The tariffs which President Trump is imposing on China are a good way to look tough in front of the voters. But as long as the Federal Reserve keeps making it possible for America to consume more goods than it produces, the American working man will remain obsolete.
As anyone
who hasn’t spent the last two years hiding under a rock must know by now, President
Trump is waging a so-called Trade War with China. The idea – insofar as there
is any idea behind it – is that by bringing home the victory in the trade war,
Mr. Trump will restore the jobs that have been bled out of this country over
the last few decades.
Now, it’s
true that America has been losing manufacturing jobs since the 1980s, and many
of our rust belt towns are only a shadow of what they once were. But if the
situation really calls for a ‘war,’ trade or otherwise, then it’s necessary to
answer the question of just what belligerent act started the hostilities, and
just how it is that further belligerent acts will force the enemy to back down.
But
thinking about those questions will cast a lot of doubt on the idea that a ‘Trade
War’ with China is a good idea, or that it’s something which the United States
(or China, for that matter) could possible ‘win.’
Like
all of the economic problems in the modern world, the trade deficit with China
– which is supposedly Trump’s causes bellum – is tightly bound up with
monetary policy and central banking. America has a trade deficit with China
because the Federal Reserve, by printing so much paper money, has allowed
America to import more goods than it exports without running out of currency.
But if
you listened to the politicians, you would hear that China is a currency
manipulator, which is true, of course. China, like the United States, has laws
which assign arbitrary monetary value to paper currency; both countries
manipulate their tokens of currency to be worth more their intrinsic value. If
China does this in a way that America doesn’t approve of, so what? It isn’t
like America’s day-by-day decisions as to what it’s money should be
worth don’t also create winners and losers.
No amount
of currency manipulation by China would allow America to do what it does – that
is, to consume more goods than it produces – if it weren’t for America’s own
bankers creating enough dollars from thin air to support America’s present
trade deficit. If we still used gold or silver money, trade deficits would be impossible.

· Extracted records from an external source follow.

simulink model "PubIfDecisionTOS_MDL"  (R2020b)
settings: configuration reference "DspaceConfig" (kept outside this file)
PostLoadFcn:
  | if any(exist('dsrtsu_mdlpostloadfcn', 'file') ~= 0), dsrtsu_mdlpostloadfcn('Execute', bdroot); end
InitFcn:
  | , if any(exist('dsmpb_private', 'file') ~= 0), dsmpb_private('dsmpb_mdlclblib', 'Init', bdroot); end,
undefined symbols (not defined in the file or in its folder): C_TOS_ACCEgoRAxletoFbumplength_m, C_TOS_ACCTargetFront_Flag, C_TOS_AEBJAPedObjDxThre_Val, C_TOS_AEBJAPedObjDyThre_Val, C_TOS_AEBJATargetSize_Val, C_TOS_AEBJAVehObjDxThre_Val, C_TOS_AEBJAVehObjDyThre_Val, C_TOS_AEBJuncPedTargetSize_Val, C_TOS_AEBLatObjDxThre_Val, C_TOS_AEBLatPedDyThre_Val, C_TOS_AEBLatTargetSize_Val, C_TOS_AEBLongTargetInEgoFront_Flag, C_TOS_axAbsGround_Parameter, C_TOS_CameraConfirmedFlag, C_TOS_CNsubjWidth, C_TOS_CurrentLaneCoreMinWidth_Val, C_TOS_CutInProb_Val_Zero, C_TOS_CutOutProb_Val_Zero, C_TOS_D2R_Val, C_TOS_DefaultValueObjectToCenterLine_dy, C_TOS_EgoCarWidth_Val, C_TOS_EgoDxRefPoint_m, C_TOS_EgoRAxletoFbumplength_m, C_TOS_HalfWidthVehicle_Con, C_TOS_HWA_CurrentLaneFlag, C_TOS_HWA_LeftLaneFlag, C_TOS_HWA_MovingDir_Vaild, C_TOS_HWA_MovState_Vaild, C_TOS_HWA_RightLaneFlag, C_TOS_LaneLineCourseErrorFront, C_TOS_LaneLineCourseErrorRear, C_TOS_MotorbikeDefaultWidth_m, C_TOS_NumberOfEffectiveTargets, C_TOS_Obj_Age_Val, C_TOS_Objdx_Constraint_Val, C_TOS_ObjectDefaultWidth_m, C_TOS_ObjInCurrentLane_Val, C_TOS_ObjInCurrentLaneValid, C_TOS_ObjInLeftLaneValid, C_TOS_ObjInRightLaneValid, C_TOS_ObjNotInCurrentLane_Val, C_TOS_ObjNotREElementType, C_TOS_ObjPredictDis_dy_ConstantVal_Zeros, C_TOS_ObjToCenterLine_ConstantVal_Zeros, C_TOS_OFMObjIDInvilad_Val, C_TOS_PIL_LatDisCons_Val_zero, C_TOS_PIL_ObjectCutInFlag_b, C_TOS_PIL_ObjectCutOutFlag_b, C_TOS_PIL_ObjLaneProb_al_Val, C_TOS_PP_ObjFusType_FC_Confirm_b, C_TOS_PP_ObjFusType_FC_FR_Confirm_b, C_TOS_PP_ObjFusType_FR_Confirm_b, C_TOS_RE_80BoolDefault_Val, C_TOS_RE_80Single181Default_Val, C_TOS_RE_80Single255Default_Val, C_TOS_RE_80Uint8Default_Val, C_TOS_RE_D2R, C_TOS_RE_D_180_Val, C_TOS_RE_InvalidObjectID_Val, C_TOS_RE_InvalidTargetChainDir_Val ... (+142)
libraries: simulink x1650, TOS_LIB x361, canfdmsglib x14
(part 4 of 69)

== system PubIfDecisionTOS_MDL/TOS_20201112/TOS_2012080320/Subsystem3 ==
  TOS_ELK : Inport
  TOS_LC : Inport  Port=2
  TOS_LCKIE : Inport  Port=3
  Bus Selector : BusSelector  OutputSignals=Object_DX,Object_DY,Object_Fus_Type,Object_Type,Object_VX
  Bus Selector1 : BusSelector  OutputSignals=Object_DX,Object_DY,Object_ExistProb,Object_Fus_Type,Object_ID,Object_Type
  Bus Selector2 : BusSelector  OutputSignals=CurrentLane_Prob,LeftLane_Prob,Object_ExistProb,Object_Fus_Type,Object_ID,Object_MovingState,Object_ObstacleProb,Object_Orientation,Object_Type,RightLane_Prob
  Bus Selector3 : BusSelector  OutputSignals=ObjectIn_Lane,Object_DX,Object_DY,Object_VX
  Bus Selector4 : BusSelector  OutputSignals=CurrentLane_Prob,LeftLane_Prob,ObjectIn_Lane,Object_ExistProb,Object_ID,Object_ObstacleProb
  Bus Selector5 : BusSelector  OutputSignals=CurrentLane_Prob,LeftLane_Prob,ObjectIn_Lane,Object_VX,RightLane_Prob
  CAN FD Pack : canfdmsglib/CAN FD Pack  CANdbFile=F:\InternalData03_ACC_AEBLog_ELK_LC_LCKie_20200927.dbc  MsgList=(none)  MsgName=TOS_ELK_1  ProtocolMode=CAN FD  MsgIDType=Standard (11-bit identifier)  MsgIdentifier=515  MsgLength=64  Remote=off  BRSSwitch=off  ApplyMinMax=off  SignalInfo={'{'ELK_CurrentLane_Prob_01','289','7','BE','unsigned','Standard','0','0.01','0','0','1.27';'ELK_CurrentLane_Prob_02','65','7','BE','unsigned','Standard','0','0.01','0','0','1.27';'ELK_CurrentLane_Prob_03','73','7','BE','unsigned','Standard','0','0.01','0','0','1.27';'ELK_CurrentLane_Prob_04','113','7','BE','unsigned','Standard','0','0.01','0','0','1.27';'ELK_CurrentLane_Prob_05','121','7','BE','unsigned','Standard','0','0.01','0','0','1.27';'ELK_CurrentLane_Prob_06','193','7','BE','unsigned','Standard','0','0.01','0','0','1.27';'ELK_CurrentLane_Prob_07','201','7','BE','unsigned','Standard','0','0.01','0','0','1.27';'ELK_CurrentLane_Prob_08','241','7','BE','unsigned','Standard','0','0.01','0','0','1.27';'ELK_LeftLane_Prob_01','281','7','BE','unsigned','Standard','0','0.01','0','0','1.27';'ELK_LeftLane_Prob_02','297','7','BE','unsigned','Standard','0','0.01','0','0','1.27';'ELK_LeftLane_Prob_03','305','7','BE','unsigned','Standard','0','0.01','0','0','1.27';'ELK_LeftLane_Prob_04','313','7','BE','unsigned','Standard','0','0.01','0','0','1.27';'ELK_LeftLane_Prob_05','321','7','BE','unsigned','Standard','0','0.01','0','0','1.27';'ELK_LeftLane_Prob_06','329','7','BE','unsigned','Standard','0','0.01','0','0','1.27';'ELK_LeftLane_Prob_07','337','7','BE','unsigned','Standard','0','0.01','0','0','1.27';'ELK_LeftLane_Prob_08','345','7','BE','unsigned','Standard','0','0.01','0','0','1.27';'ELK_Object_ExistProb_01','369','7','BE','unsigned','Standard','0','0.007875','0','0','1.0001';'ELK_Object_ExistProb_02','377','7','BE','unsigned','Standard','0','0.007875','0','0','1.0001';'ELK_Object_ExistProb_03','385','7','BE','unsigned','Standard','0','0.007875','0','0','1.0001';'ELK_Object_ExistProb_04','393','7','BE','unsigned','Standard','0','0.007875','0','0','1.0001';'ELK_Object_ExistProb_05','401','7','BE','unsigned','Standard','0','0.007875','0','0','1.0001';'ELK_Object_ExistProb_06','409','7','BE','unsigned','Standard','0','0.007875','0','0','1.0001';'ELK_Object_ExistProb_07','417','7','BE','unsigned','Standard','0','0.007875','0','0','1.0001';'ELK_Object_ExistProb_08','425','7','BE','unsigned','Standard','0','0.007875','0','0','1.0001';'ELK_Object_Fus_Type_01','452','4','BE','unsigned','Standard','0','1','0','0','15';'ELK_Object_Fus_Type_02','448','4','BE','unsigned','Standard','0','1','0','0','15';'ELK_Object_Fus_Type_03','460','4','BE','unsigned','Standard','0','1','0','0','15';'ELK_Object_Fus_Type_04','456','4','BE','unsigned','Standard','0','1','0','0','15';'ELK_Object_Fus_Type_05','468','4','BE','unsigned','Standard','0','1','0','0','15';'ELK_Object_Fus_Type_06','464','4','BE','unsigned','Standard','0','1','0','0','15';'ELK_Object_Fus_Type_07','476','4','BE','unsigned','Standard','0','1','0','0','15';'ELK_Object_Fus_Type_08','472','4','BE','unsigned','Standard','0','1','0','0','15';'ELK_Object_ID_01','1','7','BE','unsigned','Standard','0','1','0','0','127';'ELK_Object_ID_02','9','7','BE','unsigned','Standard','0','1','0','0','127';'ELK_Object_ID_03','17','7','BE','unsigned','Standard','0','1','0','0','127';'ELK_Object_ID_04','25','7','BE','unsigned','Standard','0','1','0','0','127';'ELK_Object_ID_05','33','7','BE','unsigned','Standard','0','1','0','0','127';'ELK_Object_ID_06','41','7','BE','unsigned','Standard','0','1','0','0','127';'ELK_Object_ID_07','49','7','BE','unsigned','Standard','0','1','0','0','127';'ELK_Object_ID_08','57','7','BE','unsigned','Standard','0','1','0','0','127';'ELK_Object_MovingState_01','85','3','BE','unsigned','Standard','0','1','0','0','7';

As it is, the easy money which the Fed has been providing, with Mr. Trump’s support,
for the last few years will guarantee a continuation of the status quo, no
matter how many tariffs and counter-tariffs are imposed to distract us from
that fact.
As long
as the dollar remains the global reserve currency, and America keeps on
exporting dollars in lieu of actual goods and services, the American working
man will keep on losing. Eventually, this arrangement will have to end, but
after decades of deindustrialization, America can’t lose its ability to rely on
foreign labour without becoming, in the meantime, a vastly poorer country.
America’s wealthy classes are benefitting handsomely from an arrangement in
which the Federal Reserve replaces the American worker as the means by which
America pays for its imports.
And so,
no matter what sort of rhetoric they put out for public consumption,
politicians on both sides of the aisle will do their best to keep the trade
deficit in place. Meanwhile, as the trade war continues, farmers will complain
about being unable to find buyers for their grain, construction workers will
complain about the higher price of steel, and Democrats will blame all our
economic woes on President Trump and his deplorables, because they, like the
Republicans, have no desire to talk about what has really made the American
worker obsolete.
Now, the
fact that America is losing the Trade War does not mean that China is going to
win. Trade is, after all, supposed to be a mutually beneficial arrangement; no
matter how hard you try, you can’t win at trade when the other side insists on
seeing it as a zero sum game. Rather, what’s really going to happen to the
Chinese, sometime in the next decade or so, is that the consequences of dealing
with the United States on the terms I have described will finally catch up to
them.
If the United
States consumes more than it produces, then somebody has to produce more than
it consumes, and the primary country filling that role today is the People’s
Republic of China. For a great many years, China has done the opposite of what
America has done; China has exported more than it imported, and that surplus
has led China to accumulate of over a trillion dollars in imaginary paper
wealth – specifically, in US Treasury Bonds.
The
Chinese have lent us the money to buy their own products. It made them rich, in
a sense, for the time being. But in the long term, it’s a losing strategy. China
now owns so many dollar-denominated assets that the Chinese stand to be the
next biggest loser, after America itself, when the bottom finally falls out of
the US Dollar.
Both
countries know this. Neither side really wants to upset the apple cart. The
Trade War is a distraction, created out of political necessity, as President
Trump must placate his voters with tariffs, and President Xi must save face by
responding in kind. And at the end of the day, the game has no winners.